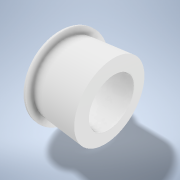
# Autodesk Inventor part: Rolle_schieber
Saved by Autodesk Inventor 2021 (Build 250183000, 183)
## iProperties
Created: 2022-06-26
Part Number: Rolle_schieber
Material: PC/ABS-Kunststoff
Document SubType Name: Modeling
Designer: adria
Mass: 4.08443 g
Surface Area: 54.6637 cm^2
Volume: 11.4323 cm^3
Density: 0.357273 g/cm^3
Appearance: Glatt - Weiß
Author: adria
Autodesk Inventor part; units mm, degrees
ref_plane "YZ Plane" through (0, 0, 0) normal (1, 0, 0) x (0, 1, 0)
ref_plane "XZ Plane" through (0, 0, 0) normal (0, 1, 0) x (-1, 0, 0)
ref_plane "XY Plane" through (0, 0, 0) normal (0, 0, 1) x (1, 0, 0)
sketch "Skizze1" plane through (0, 0, 0) normal (1, 0, 0) x (0, 1, 0)
  circle A0 centre (0, 0) radius 20
  dimension "d0" = 40
  constraints: 1 centre point, 1 coincident
  measures "d0" diameter of A0
extrude "Extrusion1" add sketch "Skizze1" along normal blind 1
sketch "Skizze2" plane through (1, 0, 0) normal (1, 0, 0) x (0, 0, -1)
  circle A0 centre (0, 0) radius 20 projected
  circle A1 centre (0, 0) radius 17
  dimension "d3" = 34
  constraints: 1 centre point, 1 coincident
  measures "d3" diameter of A1
extrude "Extrusion2" add sketch "Skizze2" along normal blind 20 contours A1
sketch "Skizze5" plane through (0, 0, 0) normal (-1, 0, 0) x (0, 0, 1)
  circle A0 centre (0, 0) radius 20 projected
  circle A1 centre (0, 0) radius 5
  dimension "d12" = 10
  constraints: 1 centre point, 1 coincident
  measures "d12" diameter of A1
extrude "Extrusion5" add sketch "Skizze5" along normal blind 10 contours A1
sketch "Skizze6" plane through (21, 0, 0) normal (1, 0, 0) x (0, 0, -1)
  circle A0 centre (0, 0) radius 17 projected
  circle A1 centre (0, 0) radius 11
  dimension "d15" = 22
  constraints: 1 centre point, 1 coincident
  measures "d15" diameter of A1
extrude "Extrusion6" cut sketch "Skizze6" against normal through all contours A1

- _What you should do_
In your copy, leave out the pictures and reproduce the material above exactly.

- _Problem solution_
# Autodesk Inventor part: Rolle_schieber
Saved by Autodesk Inventor 2021 (Build 250183000, 183)
## iProperties
Created: 2022-06-26
Part Number: Rolle_schieber
Material: PC/ABS-Kunststoff
Document SubType Name: Modeling
Designer: adria
Mass: 4.08443 g
Surface Area: 54.6637 cm^2
Volume: 11.4323 cm^3
Density: 0.357273 g/cm^3
Appearance: Glatt - Weiß
Author: adria
Autodesk Inventor part; units mm, degrees
ref_plane "YZ Plane" through (0, 0, 0) normal (1, 0, 0) x (0, 1, 0)
ref_plane "XZ Plane" through (0, 0, 0) normal (0, 1, 0) x (-1, 0, 0)
ref_plane "XY Plane" through (0, 0, 0) normal (0, 0, 1) x (1, 0, 0)
sketch "Skizze1" plane through (0, 0, 0) normal (1, 0, 0) x (0, 1, 0)
  circle A0 centre (0, 0) radius 20
  dimension "d0" = 40
  constraints: 1 centre point, 1 coincident
  measures "d0" diameter of A0
extrude "Extrusion1" add sketch "Skizze1" along normal blind 1
sketch "Skizze2" plane through (1, 0, 0) normal (1, 0, 0) x (0, 0, -1)
  circle A0 centre (0, 0) radius 20 projected
  circle A1 centre (0, 0) radius 17
  dimension "d3" = 34
  constraints: 1 centre point, 1 coincident
  measures "d3" diameter of A1
extrude "Extrusion2" add sketch "Skizze2" along normal blind 20 contours A1
sketch "Skizze5" plane through (0, 0, 0) normal (-1, 0, 0) x (0, 0, 1)
  circle A0 centre (0, 0) radius 20 projected
  circle A1 centre (0, 0) radius 5
  dimension "d12" = 10
  constraints: 1 centre point, 1 coincident
  measures "d12" diameter of A1
extrude "Extrusion5" add sketch "Skizze5" along normal blind 10 contours A1
sketch "Skizze6" plane through (21, 0, 0) normal (1, 0, 0) x (0, 0, -1)
  circle A0 centre (0, 0) radius 17 projected
  circle A1 centre (0, 0) radius 11
  dimension "d15" = 22
  constraints: 1 centre point, 1 coincident
  measures "d15" diameter of A1
extrude "Extrusion6" cut sketch "Skizze6" against normal through all contours A1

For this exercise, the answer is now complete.